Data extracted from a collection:
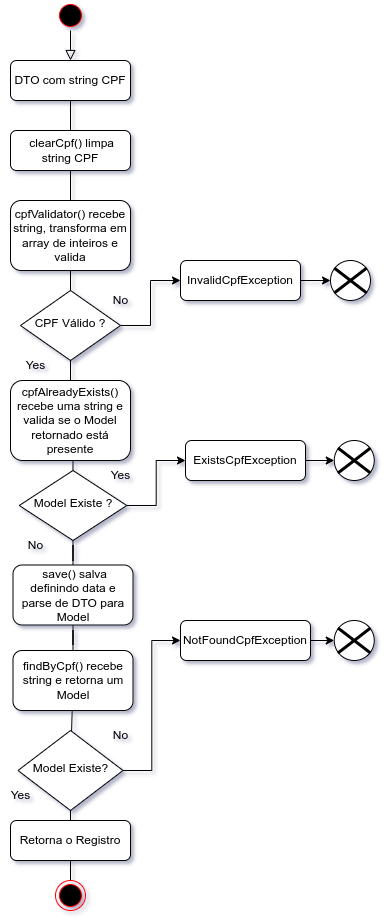

The diagram above was exported from draw.io. Its source (the exported page's mxGraphModel, read from the mxfile embedded in the PNG):
<mxGraphModel dx="1434" dy="807" grid="1" gridSize="10" guides="1" tooltips="1" connect="1" arrows="1" fold="1" page="1" pageScale="1" pageWidth="827" pageHeight="1169" math="0" shadow="0">
  <root>
    <mxCell id="WIyWlLk6GJQsqaUBKTNV-0" />
    <mxCell id="WIyWlLk6GJQsqaUBKTNV-1" parent="WIyWlLk6GJQsqaUBKTNV-0" />
    <mxCell id="5V1_6AlgRF8AiOtYLmxP-44" value="DTO com string CPF" style="rounded=1;whiteSpace=wrap;html=1;fontSize=12;glass=0;strokeWidth=1;shadow=0;" parent="WIyWlLk6GJQsqaUBKTNV-1" vertex="1">
      <mxGeometry x="180" y="100" width="120" height="40" as="geometry" />
    </mxCell>
    <mxCell id="5V1_6AlgRF8AiOtYLmxP-45" value="cpfValidator() recebe string, transforma em array de inteiros e valida" style="rounded=1;whiteSpace=wrap;html=1;fontSize=12;glass=0;strokeWidth=1;shadow=0;" parent="WIyWlLk6GJQsqaUBKTNV-1" vertex="1">
      <mxGeometry x="180" y="240" width="120" height="70" as="geometry" />
    </mxCell>
    <mxCell id="5V1_6AlgRF8AiOtYLmxP-46" style="edgeStyle=orthogonalEdgeStyle;rounded=0;orthogonalLoop=1;jettySize=auto;html=1;exitX=1;exitY=0.5;exitDx=0;exitDy=0;entryX=0;entryY=0.5;entryDx=0;entryDy=0;" parent="WIyWlLk6GJQsqaUBKTNV-1" source="5V1_6AlgRF8AiOtYLmxP-47" target="5V1_6AlgRF8AiOtYLmxP-63" edge="1">
      <mxGeometry relative="1" as="geometry" />
    </mxCell>
    <mxCell id="5V1_6AlgRF8AiOtYLmxP-47" value="Model Existe?" style="rhombus;whiteSpace=wrap;html=1;shadow=0;fontFamily=Helvetica;fontSize=12;align=center;strokeWidth=1;spacing=6;spacingTop=-4;" parent="WIyWlLk6GJQsqaUBKTNV-1" vertex="1">
      <mxGeometry x="187.5" y="770" width="105" height="80" as="geometry" />
    </mxCell>
    <mxCell id="5V1_6AlgRF8AiOtYLmxP-48" value="Retorna o Registro" style="rounded=1;whiteSpace=wrap;html=1;fontSize=12;glass=0;strokeWidth=1;shadow=0;" parent="WIyWlLk6GJQsqaUBKTNV-1" vertex="1">
      <mxGeometry x="180" y="860" width="120" height="40" as="geometry" />
    </mxCell>
    <mxCell id="5V1_6AlgRF8AiOtYLmxP-49" value="" style="ellipse;html=1;shape=startState;fillColor=#000000;strokeColor=#ff0000;" parent="WIyWlLk6GJQsqaUBKTNV-1" vertex="1">
      <mxGeometry x="225" y="40" width="30" height="30" as="geometry" />
    </mxCell>
    <mxCell id="5V1_6AlgRF8AiOtYLmxP-50" value="" style="rounded=0;html=1;jettySize=auto;orthogonalLoop=1;fontSize=11;endArrow=block;endFill=0;endSize=8;strokeWidth=1;shadow=0;labelBackgroundColor=none;edgeStyle=orthogonalEdgeStyle;entryX=0.5;entryY=0;entryDx=0;entryDy=0;" parent="WIyWlLk6GJQsqaUBKTNV-1" source="5V1_6AlgRF8AiOtYLmxP-49" target="5V1_6AlgRF8AiOtYLmxP-44" edge="1">
      <mxGeometry relative="1" as="geometry">
        <mxPoint x="250" y="150" as="sourcePoint" />
        <mxPoint x="240" y="90" as="targetPoint" />
        <Array as="points" />
      </mxGeometry>
    </mxCell>
    <mxCell id="5V1_6AlgRF8AiOtYLmxP-51" value="&amp;nbsp;clearCpf() limpa string CPF" style="rounded=1;whiteSpace=wrap;html=1;fontSize=12;glass=0;strokeWidth=1;shadow=0;" parent="WIyWlLk6GJQsqaUBKTNV-1" vertex="1">
      <mxGeometry x="180" y="170" width="120" height="40" as="geometry" />
    </mxCell>
    <mxCell id="5V1_6AlgRF8AiOtYLmxP-52" style="edgeStyle=orthogonalEdgeStyle;rounded=0;orthogonalLoop=1;jettySize=auto;html=1;exitX=1;exitY=0.5;exitDx=0;exitDy=0;entryX=0;entryY=0.5;entryDx=0;entryDy=0;" parent="WIyWlLk6GJQsqaUBKTNV-1" source="5V1_6AlgRF8AiOtYLmxP-53" target="5V1_6AlgRF8AiOtYLmxP-57" edge="1">
      <mxGeometry relative="1" as="geometry" />
    </mxCell>
    <mxCell id="5V1_6AlgRF8AiOtYLmxP-53" value="CPF Válido ?" style="rhombus;whiteSpace=wrap;html=1;shadow=0;fontFamily=Helvetica;fontSize=12;align=center;strokeWidth=1;spacing=6;spacingTop=-4;" parent="WIyWlLk6GJQsqaUBKTNV-1" vertex="1">
      <mxGeometry x="190" y="330" width="100" height="70" as="geometry" />
    </mxCell>
    <mxCell id="5V1_6AlgRF8AiOtYLmxP-54" value="" style="rounded=0;html=1;jettySize=auto;orthogonalLoop=1;fontSize=11;endArrow=none;endFill=0;endSize=8;strokeWidth=1;shadow=0;labelBackgroundColor=none;edgeStyle=orthogonalEdgeStyle;startArrow=none;" parent="WIyWlLk6GJQsqaUBKTNV-1" source="5V1_6AlgRF8AiOtYLmxP-78" target="5V1_6AlgRF8AiOtYLmxP-55" edge="1">
      <mxGeometry y="20" relative="1" as="geometry">
        <mxPoint as="offset" />
        <mxPoint x="240" y="500" as="sourcePoint" />
        <mxPoint x="240" y="565" as="targetPoint" />
      </mxGeometry>
    </mxCell>
    <mxCell id="5V1_6AlgRF8AiOtYLmxP-55" value="findByCpf() recebe string e retorna um Model" style="rounded=1;whiteSpace=wrap;html=1;fontSize=12;glass=0;strokeWidth=1;shadow=0;" parent="WIyWlLk6GJQsqaUBKTNV-1" vertex="1">
      <mxGeometry x="182.5" y="690" width="120" height="60" as="geometry" />
    </mxCell>
    <mxCell id="5V1_6AlgRF8AiOtYLmxP-56" style="edgeStyle=orthogonalEdgeStyle;rounded=0;orthogonalLoop=1;jettySize=auto;html=1;exitX=1;exitY=0.5;exitDx=0;exitDy=0;" parent="WIyWlLk6GJQsqaUBKTNV-1" source="5V1_6AlgRF8AiOtYLmxP-57" edge="1">
      <mxGeometry relative="1" as="geometry">
        <mxPoint x="500" y="320.33333333333337" as="targetPoint" />
      </mxGeometry>
    </mxCell>
    <mxCell id="5V1_6AlgRF8AiOtYLmxP-57" value="InvalidCpfException" style="rounded=1;whiteSpace=wrap;html=1;fontSize=12;glass=0;strokeWidth=1;shadow=0;" parent="WIyWlLk6GJQsqaUBKTNV-1" vertex="1">
      <mxGeometry x="350" y="300" width="120" height="40" as="geometry" />
    </mxCell>
    <mxCell id="5V1_6AlgRF8AiOtYLmxP-58" value="No" style="text;html=1;align=center;verticalAlign=middle;resizable=0;points=[];autosize=1;strokeColor=none;fillColor=none;" parent="WIyWlLk6GJQsqaUBKTNV-1" vertex="1">
      <mxGeometry x="270" y="325" width="40" height="30" as="geometry" />
    </mxCell>
    <mxCell id="5V1_6AlgRF8AiOtYLmxP-59" value="" style="ellipse;whiteSpace=wrap;html=1;aspect=fixed;" parent="WIyWlLk6GJQsqaUBKTNV-1" vertex="1">
      <mxGeometry x="500" y="300" width="40" height="40" as="geometry" />
    </mxCell>
    <mxCell id="5V1_6AlgRF8AiOtYLmxP-60" value="" style="shape=umlDestroy;whiteSpace=wrap;html=1;strokeWidth=3;targetShapes=umlLifeline;" parent="WIyWlLk6GJQsqaUBKTNV-1" vertex="1">
      <mxGeometry x="503.75" y="307.5" width="32.5" height="25" as="geometry" />
    </mxCell>
    <mxCell id="5V1_6AlgRF8AiOtYLmxP-61" value="Yes" style="text;html=1;align=center;verticalAlign=middle;resizable=0;points=[];autosize=1;strokeColor=none;fillColor=none;" parent="WIyWlLk6GJQsqaUBKTNV-1" vertex="1">
      <mxGeometry x="185" y="390" width="40" height="30" as="geometry" />
    </mxCell>
    <mxCell id="5V1_6AlgRF8AiOtYLmxP-62" style="edgeStyle=orthogonalEdgeStyle;rounded=0;orthogonalLoop=1;jettySize=auto;html=1;exitX=1;exitY=0.5;exitDx=0;exitDy=0;entryX=0;entryY=0.5;entryDx=0;entryDy=0;" parent="WIyWlLk6GJQsqaUBKTNV-1" source="5V1_6AlgRF8AiOtYLmxP-63" target="5V1_6AlgRF8AiOtYLmxP-64" edge="1">
      <mxGeometry relative="1" as="geometry">
        <mxPoint x="492.5" y="585" as="targetPoint" />
        <mxPoint x="458.75" y="650" as="sourcePoint" />
      </mxGeometry>
    </mxCell>
    <mxCell id="5V1_6AlgRF8AiOtYLmxP-63" value="NotFoundCpfException" style="rounded=1;whiteSpace=wrap;html=1;fontSize=12;glass=0;strokeWidth=1;shadow=0;" parent="WIyWlLk6GJQsqaUBKTNV-1" vertex="1">
      <mxGeometry x="350" y="660" width="130" height="40" as="geometry" />
    </mxCell>
    <mxCell id="5V1_6AlgRF8AiOtYLmxP-64" value="" style="ellipse;whiteSpace=wrap;html=1;aspect=fixed;" parent="WIyWlLk6GJQsqaUBKTNV-1" vertex="1">
      <mxGeometry x="503.75" y="660" width="40" height="40" as="geometry" />
    </mxCell>
    <mxCell id="5V1_6AlgRF8AiOtYLmxP-65" value="" style="shape=umlDestroy;whiteSpace=wrap;html=1;strokeWidth=3;targetShapes=umlLifeline;" parent="WIyWlLk6GJQsqaUBKTNV-1" vertex="1">
      <mxGeometry x="507.5" y="667.5" width="32.5" height="25" as="geometry" />
    </mxCell>
    <mxCell id="5V1_6AlgRF8AiOtYLmxP-66" value="" style="endArrow=none;html=1;rounded=0;entryX=0.5;entryY=1;entryDx=0;entryDy=0;" parent="WIyWlLk6GJQsqaUBKTNV-1" source="5V1_6AlgRF8AiOtYLmxP-53" target="5V1_6AlgRF8AiOtYLmxP-45" edge="1">
      <mxGeometry width="50" height="50" relative="1" as="geometry">
        <mxPoint x="350" y="400" as="sourcePoint" />
        <mxPoint x="400" y="350" as="targetPoint" />
      </mxGeometry>
    </mxCell>
    <mxCell id="5V1_6AlgRF8AiOtYLmxP-67" value="" style="endArrow=none;html=1;rounded=0;entryX=0.5;entryY=1;entryDx=0;entryDy=0;exitX=0.5;exitY=0;exitDx=0;exitDy=0;" parent="WIyWlLk6GJQsqaUBKTNV-1" source="5V1_6AlgRF8AiOtYLmxP-45" target="5V1_6AlgRF8AiOtYLmxP-51" edge="1">
      <mxGeometry width="50" height="50" relative="1" as="geometry">
        <mxPoint x="250" y="340" as="sourcePoint" />
        <mxPoint x="250" y="320" as="targetPoint" />
      </mxGeometry>
    </mxCell>
    <mxCell id="5V1_6AlgRF8AiOtYLmxP-68" value="" style="endArrow=none;html=1;rounded=0;entryX=0.5;entryY=1;entryDx=0;entryDy=0;" parent="WIyWlLk6GJQsqaUBKTNV-1" source="5V1_6AlgRF8AiOtYLmxP-51" target="5V1_6AlgRF8AiOtYLmxP-44" edge="1">
      <mxGeometry width="50" height="50" relative="1" as="geometry">
        <mxPoint x="260" y="350" as="sourcePoint" />
        <mxPoint x="260" y="330" as="targetPoint" />
      </mxGeometry>
    </mxCell>
    <mxCell id="5V1_6AlgRF8AiOtYLmxP-69" value="" style="endArrow=none;html=1;rounded=0;" parent="WIyWlLk6GJQsqaUBKTNV-1" source="5V1_6AlgRF8AiOtYLmxP-47" target="5V1_6AlgRF8AiOtYLmxP-55" edge="1">
      <mxGeometry width="50" height="50" relative="1" as="geometry">
        <mxPoint x="270" y="440" as="sourcePoint" />
        <mxPoint x="270" y="420" as="targetPoint" />
      </mxGeometry>
    </mxCell>
    <mxCell id="5V1_6AlgRF8AiOtYLmxP-70" value="No" style="text;html=1;align=center;verticalAlign=middle;resizable=0;points=[];autosize=1;strokeColor=none;fillColor=none;" parent="WIyWlLk6GJQsqaUBKTNV-1" vertex="1">
      <mxGeometry x="270" y="760" width="40" height="30" as="geometry" />
    </mxCell>
    <mxCell id="5V1_6AlgRF8AiOtYLmxP-71" value="Yes" style="text;html=1;align=center;verticalAlign=middle;resizable=0;points=[];autosize=1;strokeColor=none;fillColor=none;" parent="WIyWlLk6GJQsqaUBKTNV-1" vertex="1">
      <mxGeometry x="170" y="820" width="40" height="30" as="geometry" />
    </mxCell>
    <mxCell id="5V1_6AlgRF8AiOtYLmxP-72" value="" style="endArrow=none;html=1;rounded=0;exitX=0.5;exitY=0;exitDx=0;exitDy=0;entryX=0.5;entryY=1;entryDx=0;entryDy=0;" parent="WIyWlLk6GJQsqaUBKTNV-1" source="5V1_6AlgRF8AiOtYLmxP-48" target="5V1_6AlgRF8AiOtYLmxP-47" edge="1">
      <mxGeometry width="50" height="50" relative="1" as="geometry">
        <mxPoint x="250" y="700" as="sourcePoint" />
        <mxPoint x="250" y="670" as="targetPoint" />
      </mxGeometry>
    </mxCell>
    <mxCell id="5V1_6AlgRF8AiOtYLmxP-73" value="" style="endArrow=none;html=1;rounded=0;entryX=0.5;entryY=1;entryDx=0;entryDy=0;" parent="WIyWlLk6GJQsqaUBKTNV-1" edge="1">
      <mxGeometry width="50" height="50" relative="1" as="geometry">
        <mxPoint x="240" y="920" as="sourcePoint" />
        <mxPoint x="240" y="900" as="targetPoint" />
      </mxGeometry>
    </mxCell>
    <mxCell id="5V1_6AlgRF8AiOtYLmxP-74" value="" style="ellipse;html=1;shape=endState;fillColor=#000000;strokeColor=#ff0000;" parent="WIyWlLk6GJQsqaUBKTNV-1" vertex="1">
      <mxGeometry x="225" y="920" width="30" height="30" as="geometry" />
    </mxCell>
    <mxCell id="5V1_6AlgRF8AiOtYLmxP-75" value="" style="rounded=0;html=1;jettySize=auto;orthogonalLoop=1;fontSize=11;endArrow=none;endFill=0;endSize=8;strokeWidth=1;shadow=0;labelBackgroundColor=none;edgeStyle=orthogonalEdgeStyle;startArrow=none;exitX=0.5;exitY=1;exitDx=0;exitDy=0;" parent="WIyWlLk6GJQsqaUBKTNV-1" source="5V1_6AlgRF8AiOtYLmxP-80" target="5V1_6AlgRF8AiOtYLmxP-78" edge="1">
      <mxGeometry y="20" relative="1" as="geometry">
        <mxPoint as="offset" />
        <mxPoint x="400" y="600" as="sourcePoint" />
        <mxPoint x="240" y="620" as="targetPoint" />
      </mxGeometry>
    </mxCell>
    <mxCell id="5V1_6AlgRF8AiOtYLmxP-76" value="" style="rounded=0;html=1;jettySize=auto;orthogonalLoop=1;fontSize=11;endArrow=none;endFill=0;endSize=8;strokeWidth=1;shadow=0;labelBackgroundColor=none;edgeStyle=orthogonalEdgeStyle;startArrow=none;" parent="WIyWlLk6GJQsqaUBKTNV-1" source="5V1_6AlgRF8AiOtYLmxP-53" target="5V1_6AlgRF8AiOtYLmxP-77" edge="1">
      <mxGeometry y="20" relative="1" as="geometry">
        <mxPoint as="offset" />
        <mxPoint x="240" y="400" as="sourcePoint" />
        <mxPoint x="240" y="545" as="targetPoint" />
      </mxGeometry>
    </mxCell>
    <mxCell id="5V1_6AlgRF8AiOtYLmxP-77" value="cpfAlreadyExists() recebe uma string e valida se o Model retornado está presente" style="rounded=1;whiteSpace=wrap;html=1;fontSize=12;glass=0;strokeWidth=1;shadow=0;" parent="WIyWlLk6GJQsqaUBKTNV-1" vertex="1">
      <mxGeometry x="180" y="420" width="120" height="80" as="geometry" />
    </mxCell>
    <mxCell id="5V1_6AlgRF8AiOtYLmxP-78" value="&amp;nbsp;save() salva definindo data e parse de DTO para Model" style="rounded=1;whiteSpace=wrap;html=1;fontSize=12;glass=0;strokeWidth=1;shadow=0;" parent="WIyWlLk6GJQsqaUBKTNV-1" vertex="1">
      <mxGeometry x="182.5" y="604.5" width="120" height="60" as="geometry" />
    </mxCell>
    <mxCell id="5V1_6AlgRF8AiOtYLmxP-79" style="edgeStyle=orthogonalEdgeStyle;rounded=0;orthogonalLoop=1;jettySize=auto;html=1;exitX=1;exitY=0.5;exitDx=0;exitDy=0;entryX=0;entryY=0.5;entryDx=0;entryDy=0;" parent="WIyWlLk6GJQsqaUBKTNV-1" source="5V1_6AlgRF8AiOtYLmxP-80" target="5V1_6AlgRF8AiOtYLmxP-85" edge="1">
      <mxGeometry relative="1" as="geometry" />
    </mxCell>
    <mxCell id="5V1_6AlgRF8AiOtYLmxP-80" value="Model Existe ?" style="rhombus;whiteSpace=wrap;html=1;shadow=0;fontFamily=Helvetica;fontSize=12;align=center;strokeWidth=1;spacing=6;spacingTop=-4;" parent="WIyWlLk6GJQsqaUBKTNV-1" vertex="1">
      <mxGeometry x="188.75" y="510" width="107.5" height="70" as="geometry" />
    </mxCell>
    <mxCell id="5V1_6AlgRF8AiOtYLmxP-81" value="" style="rounded=0;html=1;jettySize=auto;orthogonalLoop=1;fontSize=11;endArrow=none;endFill=0;endSize=8;strokeWidth=1;shadow=0;labelBackgroundColor=none;edgeStyle=orthogonalEdgeStyle;startArrow=none;entryX=0.5;entryY=0;entryDx=0;entryDy=0;" parent="WIyWlLk6GJQsqaUBKTNV-1" target="5V1_6AlgRF8AiOtYLmxP-80" edge="1">
      <mxGeometry y="20" relative="1" as="geometry">
        <mxPoint as="offset" />
        <mxPoint x="240" y="500" as="sourcePoint" />
        <mxPoint x="250" y="430" as="targetPoint" />
      </mxGeometry>
    </mxCell>
    <mxCell id="5V1_6AlgRF8AiOtYLmxP-82" value="Yes" style="text;html=1;align=center;verticalAlign=middle;resizable=0;points=[];autosize=1;strokeColor=none;fillColor=none;" parent="WIyWlLk6GJQsqaUBKTNV-1" vertex="1">
      <mxGeometry x="270" y="500" width="40" height="30" as="geometry" />
    </mxCell>
    <mxCell id="5V1_6AlgRF8AiOtYLmxP-83" value="No" style="text;html=1;align=center;verticalAlign=middle;resizable=0;points=[];autosize=1;strokeColor=none;fillColor=none;" parent="WIyWlLk6GJQsqaUBKTNV-1" vertex="1">
      <mxGeometry x="185" y="570" width="40" height="30" as="geometry" />
    </mxCell>
    <mxCell id="5V1_6AlgRF8AiOtYLmxP-84" style="edgeStyle=orthogonalEdgeStyle;rounded=0;orthogonalLoop=1;jettySize=auto;html=1;exitX=1;exitY=0.5;exitDx=0;exitDy=0;entryX=0;entryY=0.5;entryDx=0;entryDy=0;" parent="WIyWlLk6GJQsqaUBKTNV-1" source="5V1_6AlgRF8AiOtYLmxP-85" target="5V1_6AlgRF8AiOtYLmxP-86" edge="1">
      <mxGeometry relative="1" as="geometry" />
    </mxCell>
    <mxCell id="5V1_6AlgRF8AiOtYLmxP-85" value="ExistsCpfException" style="rounded=1;whiteSpace=wrap;html=1;fontSize=12;glass=0;strokeWidth=1;shadow=0;" parent="WIyWlLk6GJQsqaUBKTNV-1" vertex="1">
      <mxGeometry x="355" y="480" width="120" height="40" as="geometry" />
    </mxCell>
    <mxCell id="5V1_6AlgRF8AiOtYLmxP-86" value="" style="ellipse;whiteSpace=wrap;html=1;aspect=fixed;" parent="WIyWlLk6GJQsqaUBKTNV-1" vertex="1">
      <mxGeometry x="503.75" y="480" width="40" height="40" as="geometry" />
    </mxCell>
    <mxCell id="5V1_6AlgRF8AiOtYLmxP-87" value="" style="shape=umlDestroy;whiteSpace=wrap;html=1;strokeWidth=3;targetShapes=umlLifeline;" parent="WIyWlLk6GJQsqaUBKTNV-1" vertex="1">
      <mxGeometry x="507.5" y="487.5" width="32.5" height="25" as="geometry" />
    </mxCell>
  </root>
</mxGraphModel>

*Problem*:
Each line in the data that holds the word "mxGraphModel" must be copied.

*Reply to the exercise*:
The diagram above was exported from draw.io. Its source (the exported page's mxGraphModel, read from the mxfile embedded in the PNG):
<mxGraphModel dx="1434" dy="807" grid="1" gridSize="10" guides="1" tooltips="1" connect="1" arrows="1" fold="1" page="1" pageScale="1" pageWidth="827" pageHeight="1169" math="0" shadow="0">
</mxGraphModel>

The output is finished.